The makeup of the 11 confederate state delegations as elected Nov. 8 is Alabama, 6R, 1D; Arkansas, 4R, 0D; Florida, 16R, 11D; Georgia, 10R, 4D; Louisiana, 5R, 1D; Mississippi, 3R, 1D; North Carolina, 10R, 3D; South Carolina, 6R, 1D; Tennessee, 7R, 2D; Texas, 25R, 11D, and Virginia, 7R, 4D.

This is the resulting House math:

Total seats: 435.

Needed to control: 218.

With a head start of 99 southern seats, Republican math is 218 minus 99 = 119 seats needed from the remaining 297 in the other 39 states — 34%.

For Democrats, with 39 seats in the south, the initial calculation is 218 minus 39 = 179 seats needed from the remaining 297 seats — 61%.

But it gets worse if you factor in dozens of decisively Republican districts in red states like Utah, Arizona, Oklahoma, Kentucky, Kansas, Indiana, and West Virginia; then add GOP districts from big chunks of blue states like central Pennsylvania and upstate New York. Do that and the Democrats’ challenge is to win 80 percent of the 297 seats outside the south.

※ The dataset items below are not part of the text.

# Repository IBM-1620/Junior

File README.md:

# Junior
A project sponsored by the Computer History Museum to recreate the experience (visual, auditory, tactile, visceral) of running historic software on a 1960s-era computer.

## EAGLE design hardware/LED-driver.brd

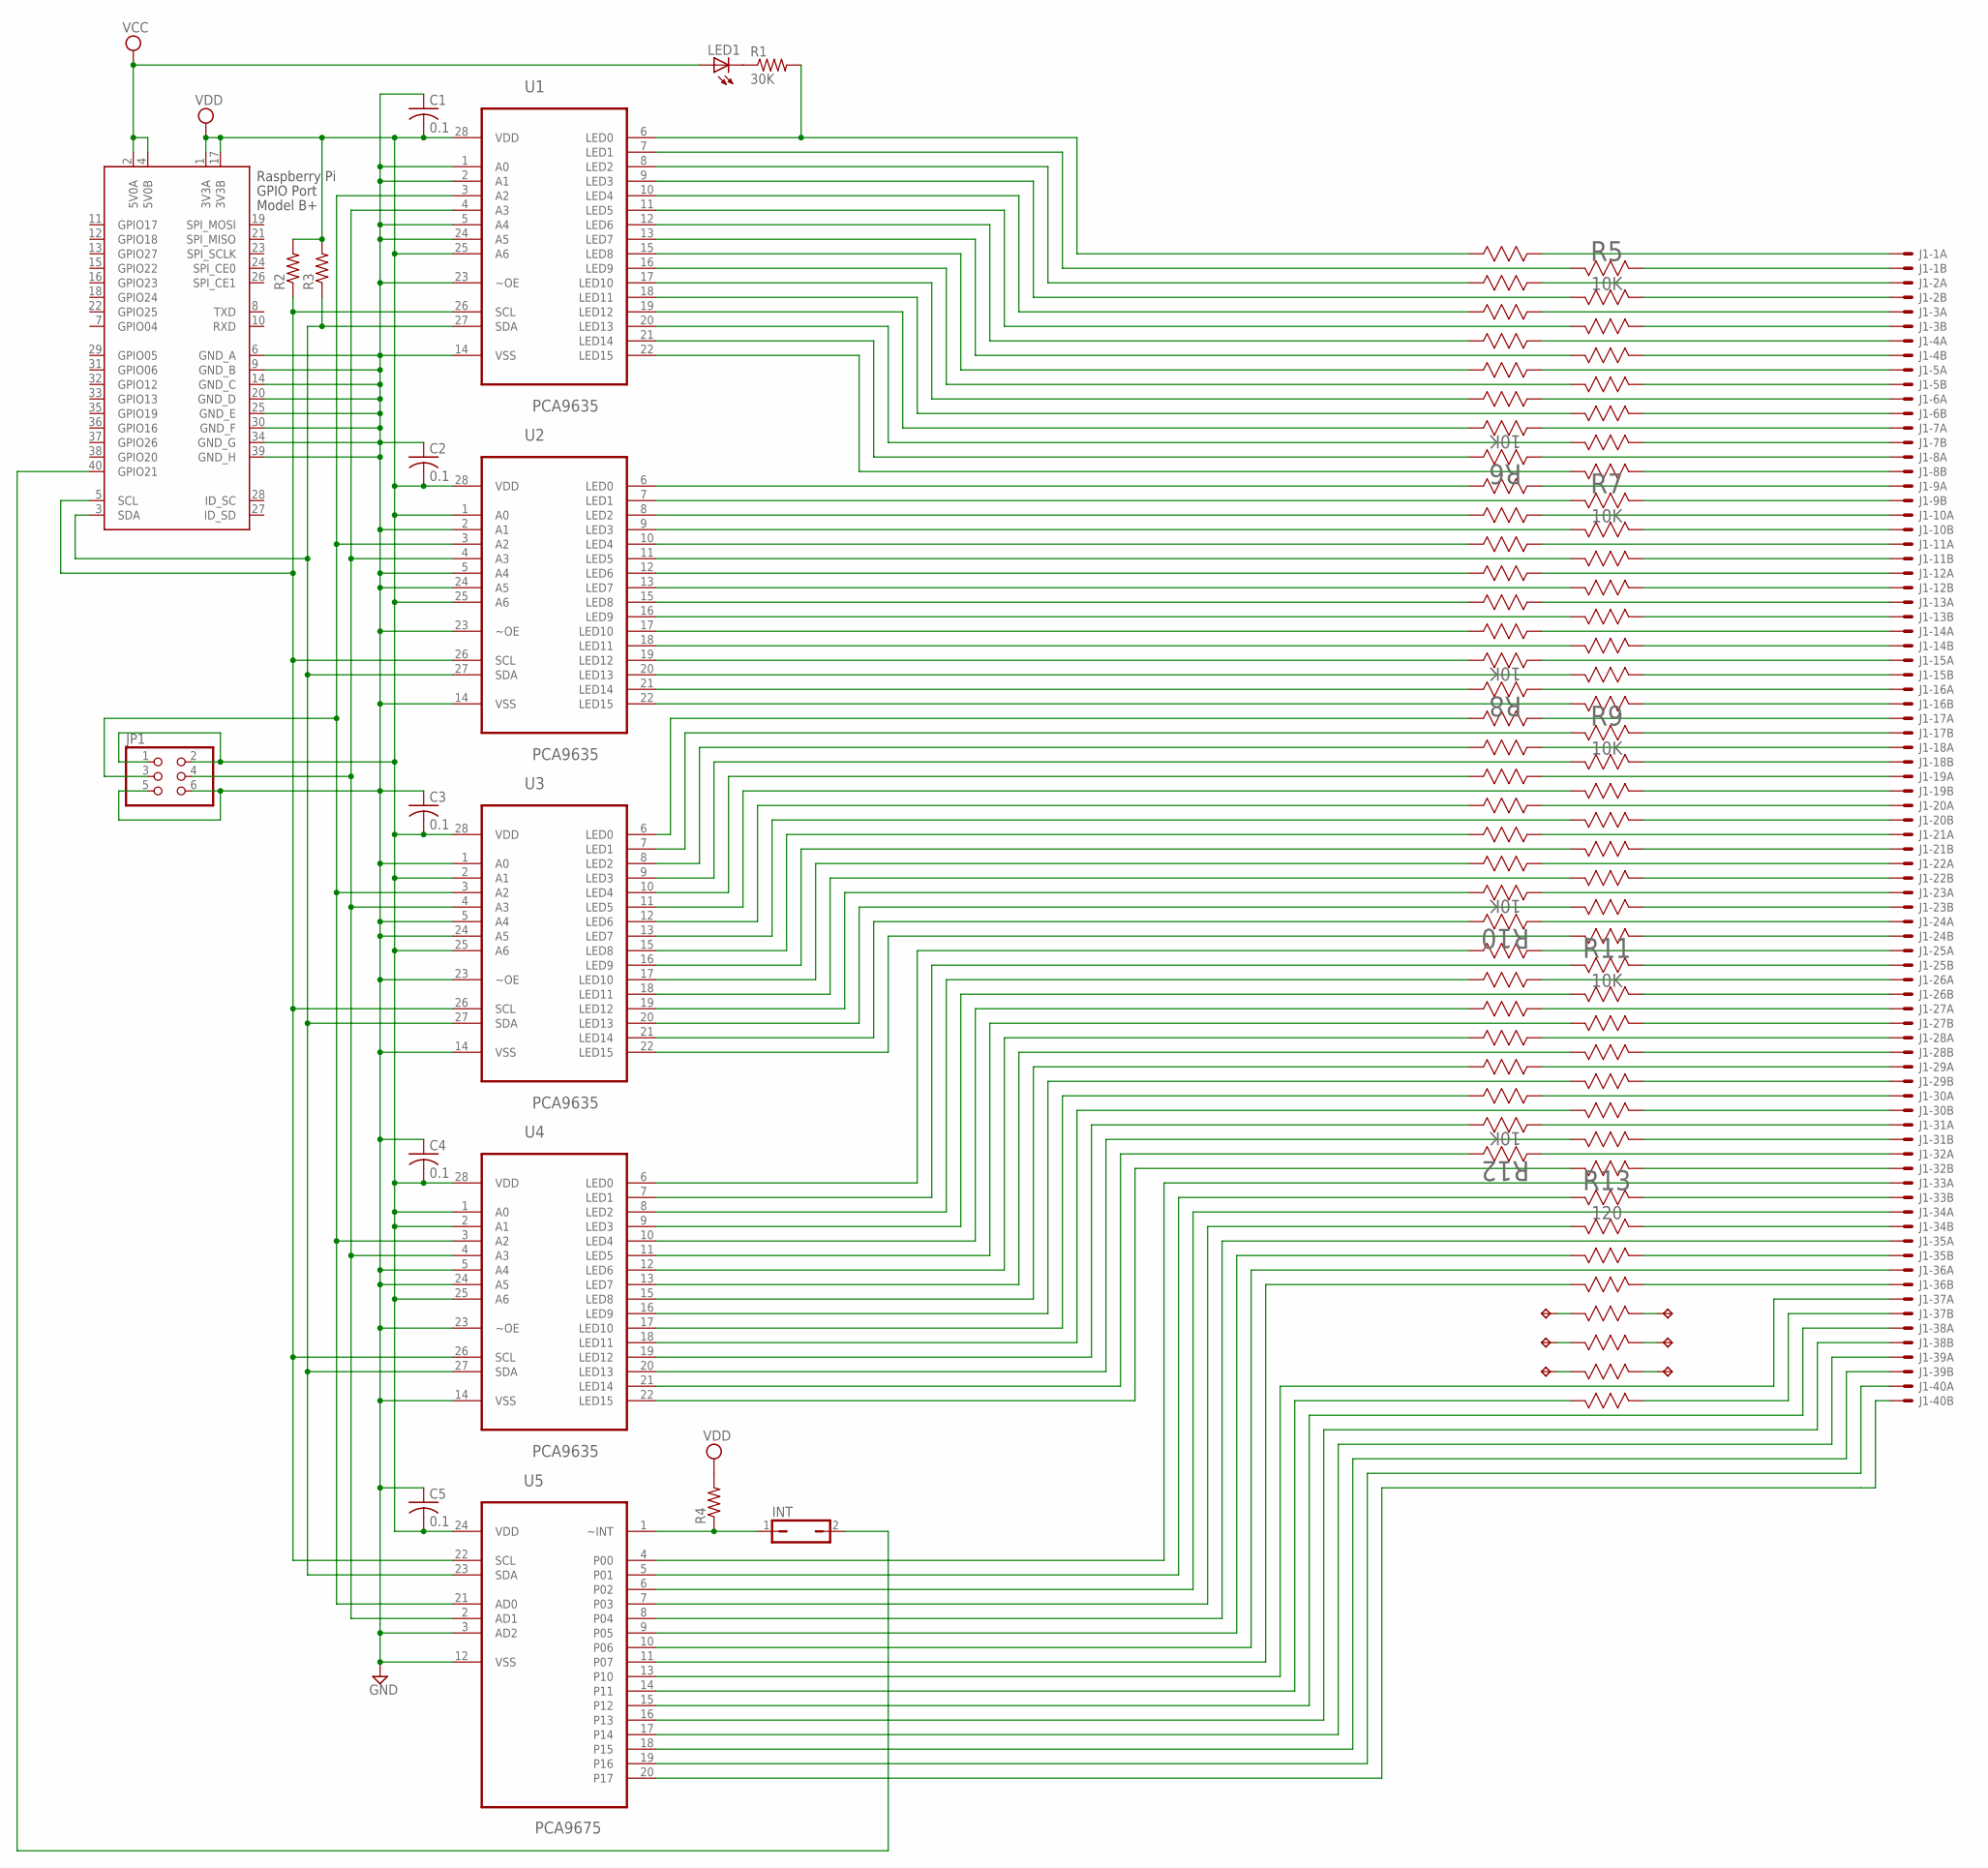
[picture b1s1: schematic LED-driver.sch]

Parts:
C1, C2, C3, C4, C5: 0.1; C025-030X050
INT: JP1Q; JP1
J1: CON-80-EDGE; CARDEDGE-80
JP1: JUMPER-3X2; 3X2
LED1: LED5MM
R1: 30K; 0207/10
R2, R3, R4: R-US_0207/10; 0207/10
R5, R6, R7, R8, R9, R10, R11, R12: 10K; SOMC16-M
R13: 120; SOMC16-M
TP1, TP2, TP3, TP4, TP5, TP6: TP
U1, U2, U3, U4: PCA9635; SOP65P640X110-28N
U5: PCA9675; SOP65P640X110-24N
X1: RASPI_BOARD_B+#_E4; RASPI_BOARD_B+_EDGES_4DRILL

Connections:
GND: C1.1, C2.1, C3.1, C4.1, C5.1, JP1.5, JP1.6, U1.1 (A0), U1.2 (A1), U1.5 (A4), U1.14 (VSS), U1.23 (~OE), U1.24 (A5), U2.2 (A1), U2.5 (A4), U2.14 (VSS), U2.23 (~OE), U2.24 (A5), U3.1 (A0), U3.5 (A4), U3.14 (VSS), U3.23 (~OE), U3.24 (A5), U4.5 (A4), U4.14 (VSS), U4.23 (~OE), U4.24 (A5), U5.3 (AD2), U5.12 (VSS), X1.6 (GND_A), X1.9 (GND_B), X1.14 (GND_C), X1.20 (GND_D), X1.25 (GND_E), X1.30 (GND_F), X1.34 (GND_G), X1.39 (GND_H)
unnamed: R1.2, R6.9 (916), U1.6 (LED0)
unnamed: R5.16 (162), U1.7 (LED1)
unnamed: R6.10 (1014), U1.8 (LED2)
unnamed: R5.15 (154), U1.9 (LED3)
unnamed: R6.11 (1112), U1.10 (LED4)
unnamed: R5.14 (146), U1.11 (LED5)
unnamed: R6.12 (1210), U1.12 (LED6)
unnamed: R5.13 (138), U1.13 (LED7)
unnamed: R6.13 (138), U1.15 (LED8)
unnamed: R5.12 (1210), U1.16 (LED9)
unnamed: R6.14 (146), U1.17 (LED10)
unnamed: R5.11 (1112), U1.18 (LED11)
unnamed: R6.15 (154), U1.19 (LED12)
unnamed: R5.10 (1014), U1.20 (LED13)
unnamed: R6.16 (162), U1.21 (LED14)
unnamed: R5.9 (916), U1.22 (LED15)
unnamed: J1.36A, U5.10 (P06)
unnamed: R3.1, U1.27 (SDA), U2.27 (SDA), U3.27 (SDA), U4.27 (SDA), U5.23 (SDA), X1.3 (SDA)
unnamed: R8.9 (916), U2.6 (LED0)
unnamed: R2.1, U1.26 (SCL), U2.26 (SCL), U3.26 (SCL), U4.26 (SCL), U5.22 (SCL), X1.5 (SCL)
unnamed: R13.13 (138), U5.11 (P07)
unnamed: R7.16 (162), U2.7 (LED1)
unnamed: R8.10 (1014), U2.8 (LED2)
unnamed: R7.15 (154), U2.9 (LED3)
unnamed: R8.11 (1112), U2.10 (LED4)
unnamed: R7.14 (146), U2.11 (LED5)
unnamed: R8.12 (1210), U2.12 (LED6)
unnamed: R7.13 (138), U2.13 (LED7)
unnamed: R8.13 (138), U2.15 (LED8)
unnamed: R7.12 (1210), U2.16 (LED9)
unnamed: R8.14 (146), U2.17 (LED10)
unnamed: R7.11 (1112), U2.18 (LED11)
unnamed: R8.15 (154), U2.19 (LED12)
unnamed: R7.10 (1014), U2.20 (LED13)
unnamed: R8.16 (162), U2.21 (LED14)
unnamed: R7.9 (916), U2.22 (LED15)
unnamed: R10.9 (916), U3.6 (LED0)
unnamed: R9.16 (162), U3.7 (LED1)
unnamed: R10.10 (1014), U3.8 (LED2)
unnamed: R9.15 (154), U3.9 (LED3)
unnamed: R10.11 (1112), U3.10 (LED4)
unnamed: R9.14 (146), U3.11 (LED5)
unnamed: R10.12 (1210), U3.12 (LED6)
unnamed: R9.13 (138), U3.13 (LED7)
unnamed: R10.13 (138), U3.15 (LED8)
unnamed: R9.12 (1210), U3.16 (LED9)
unnamed: R10.14 (146), U3.17 (LED10)
unnamed: R9.11 (1112), U3.18 (LED11)
unnamed: R10.15 (154), U3.19 (LED12)
unnamed: R9.10 (1014), U3.20 (LED13)
unnamed: R10.16 (162), U3.21 (LED14)
unnamed: R9.9 (916), U3.22 (LED15)
unnamed: R12.9 (916), U4.6 (LED0)
unnamed: R11.16 (162), U4.7 (LED1)
unnamed: R12.10 (1014), U4.8 (LED2)
unnamed: R11.15 (154), U4.9 (LED3)
unnamed: R12.11 (1112), U4.10 (LED4)
unnamed: R11.14 (146), U4.11 (LED5)
unnamed: R12.12 (1210), U4.12 (LED6)
unnamed: R11.13 (138), U4.13 (LED7)
unnamed: R12.13 (138), U4.15 (LED8)
unnamed: R11.12 (1210), U4.16 (LED9)
unnamed: R12.14 (146), U4.17 (LED10)
unnamed: R11.11 (1112), U4.18 (LED11)
unnamed: R12.15 (154), U4.19 (LED12)
unnamed: R11.10 (1014), U4.20 (LED13)
unnamed: R12.16 (162), U4.21 (LED14)
unnamed: R11.9 (916), U4.22 (LED15)
unnamed: J1.33A, U5.4 (P00)
unnamed: R13.16 (162), U5.5 (P01)
unnamed: J1.34A, U5.6 (P02)
unnamed: R13.15 (154), U5.7 (P03)
unnamed: J1.35A, U5.8 (P04)
unnamed: R13.14 (146), U5.9 (P05)
unnamed: JP1.3, U1.3 (A2), U2.3 (A2), U3.3 (A2), U4.3 (A2), U5.21 (AD0)
unnamed: JP1.4, U1.4 (A3), U2.4 (A3), U3.4 (A3), U4.4 (A3), U5.2 (AD1)
unnamed: J1.37A, U5.13 (P10)
unnamed: R13.9 (916), U5.14 (P11)
unnamed: J1.38A, U5.15 (P12)
unnamed: J1.38B, U5.16 (P13)
unnamed: J1.39A, U5.17 (P14)
unnamed: J1.39B, U5.18 (P15)
unnamed: J1.40A, U5.19 (P16)
unnamed: J1.40B, U5.20 (P17)
unnamed: LED1.K (C), R1.1
unnamed: J1.1A, R6.8 (815)
unnamed: J1.2A, R6.7 (713)
unnamed: INT.1, R4.1, U5.1 (~INT)
unnamed: INT.2, X1.40 (GPIO21)
unnamed: J1.3A, R6.6 (611)
unnamed: J1.4A, R6.5 (59)
unnamed: J1.5A, R6.4 (47)
unnamed: J1.6A, R6.3 (35)
unnamed: J1.7A, R6.2 (23)
unnamed: J1.8A, R6.1 (11)
unnamed: J1.1B, R5.1 (11)
unnamed: J1.2B, R5.2 (23)
unnamed: J1.3B, R5.3 (35)
unnamed: J1.4B, R5.4 (47)
unnamed: J1.5B, R5.5 (59)
unnamed: J1.6B, R5.6 (611)
unnamed: J1.7B, R5.7 (713)
unnamed: J1.8B, R5.8 (815)
unnamed: J1.9B, R7.1 (11)
unnamed: J1.10B, R7.2 (23)
unnamed: J1.11B, R7.3 (35)
unnamed: J1.12B, R7.4 (47)
unnamed: J1.13B, R7.5 (59)
unnamed: J1.14B, R7.6 (611)
unnamed: J1.15B, R7.7 (713)
unnamed: J1.16B, R7.8 (815)
unnamed: J1.9A, R8.8 (815)
unnamed: J1.10A, R8.7 (713)
unnamed: J1.11A, R8.6 (611)
unnamed: J1.12A, R8.5 (59)
unnamed: J1.13A, R8.4 (47)
unnamed: J1.14A, R8.3 (35)
unnamed: J1.15A, R8.2 (23)
unnamed: J1.16A, R8.1 (11)
unnamed: J1.17B, R9.1 (11)
unnamed: J1.18B, R9.2 (23)
unnamed: J1.19B, R9.3 (35)
unnamed: J1.20B, R9.4 (47)
unnamed: J1.21B, R9.5 (59)
unnamed: J1.22B, R9.6 (611)
unnamed: J1.23B, R9.7 (713)
unnamed: J1.24B, R9.8 (815)
unnamed: J1.25B, R11.1 (11)
unnamed: J1.26B, R11.2 (23)
unnamed: J1.27B, R11.3 (35)
unnamed: J1.28B, R11.4 (47)
unnamed: J1.29B, R11.5 (59)
unnamed: J1.30B, R11.6 (611)
unnamed: J1.31B, R11.7 (713)
unnamed: J1.32B, R11.8 (815)
unnamed: J1.33B, R13.1 (11)
unnamed: J1.34B, R13.2 (23)
unnamed: J1.35B, R13.3 (35)
unnamed: J1.36B, R13.4 (47)
unnamed: J1.37B, R13.8 (815)
unnamed: J1.17A, R10.8 (815)
unnamed: J1.18A, R10.7 (713)
unnamed: J1.19A, R10.6 (611)
unnamed: J1.20A, R10.5 (59)
unnamed: J1.21A, R10.4 (47)
unnamed: J1.22A, R10.3 (35)
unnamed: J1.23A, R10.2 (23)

Impossible right? Right. Until now.

Now it’s possible and possible starts April 18 in the Ga. 6th.

Why? Well, Price won by 23% Nov. 8, but Donald Trump won the Ga. 6th by just 1.5%.

Let’s see then how Jon Ossoff, polling first right now in the jungle primary, makes out April 18 and June 20 if, as seems likely he is one of two top vote getters in the first round.

Meantime looking to 2018 midterms, there are other places where Democrats, who need to win 24 seats to take House control, can score gains. Here’s one example.

Orange County, California, has 3 million people spread over six congressional districts, five held by Republicans. In 1980 it gave Ronald Reagan 67% of its votes for president. In 2016, Orange County gave Hillary Clinton 51% of its votes for president. All those oranges? They are ripe for the picking (and, homage to Lin Manuel, we all know who does the picking).

For Democrats looking for a path to House control outside the south, the road goes right into and through places like Orange County.

But for now the first congressional test whether the outrage, protests, marches and resistance can translate politically is the Ga. 6th special election. Because none of it matters at all if it doesn’t translate into winning back the House and Senate.

One thought on “House Math: Getting to 218”

  1. Exactly….that’s why we have sent money to Joel Ossoff and are supporting the Swing Left project….to bring in resources to districts where a change in 2018 is possible with support outside the district.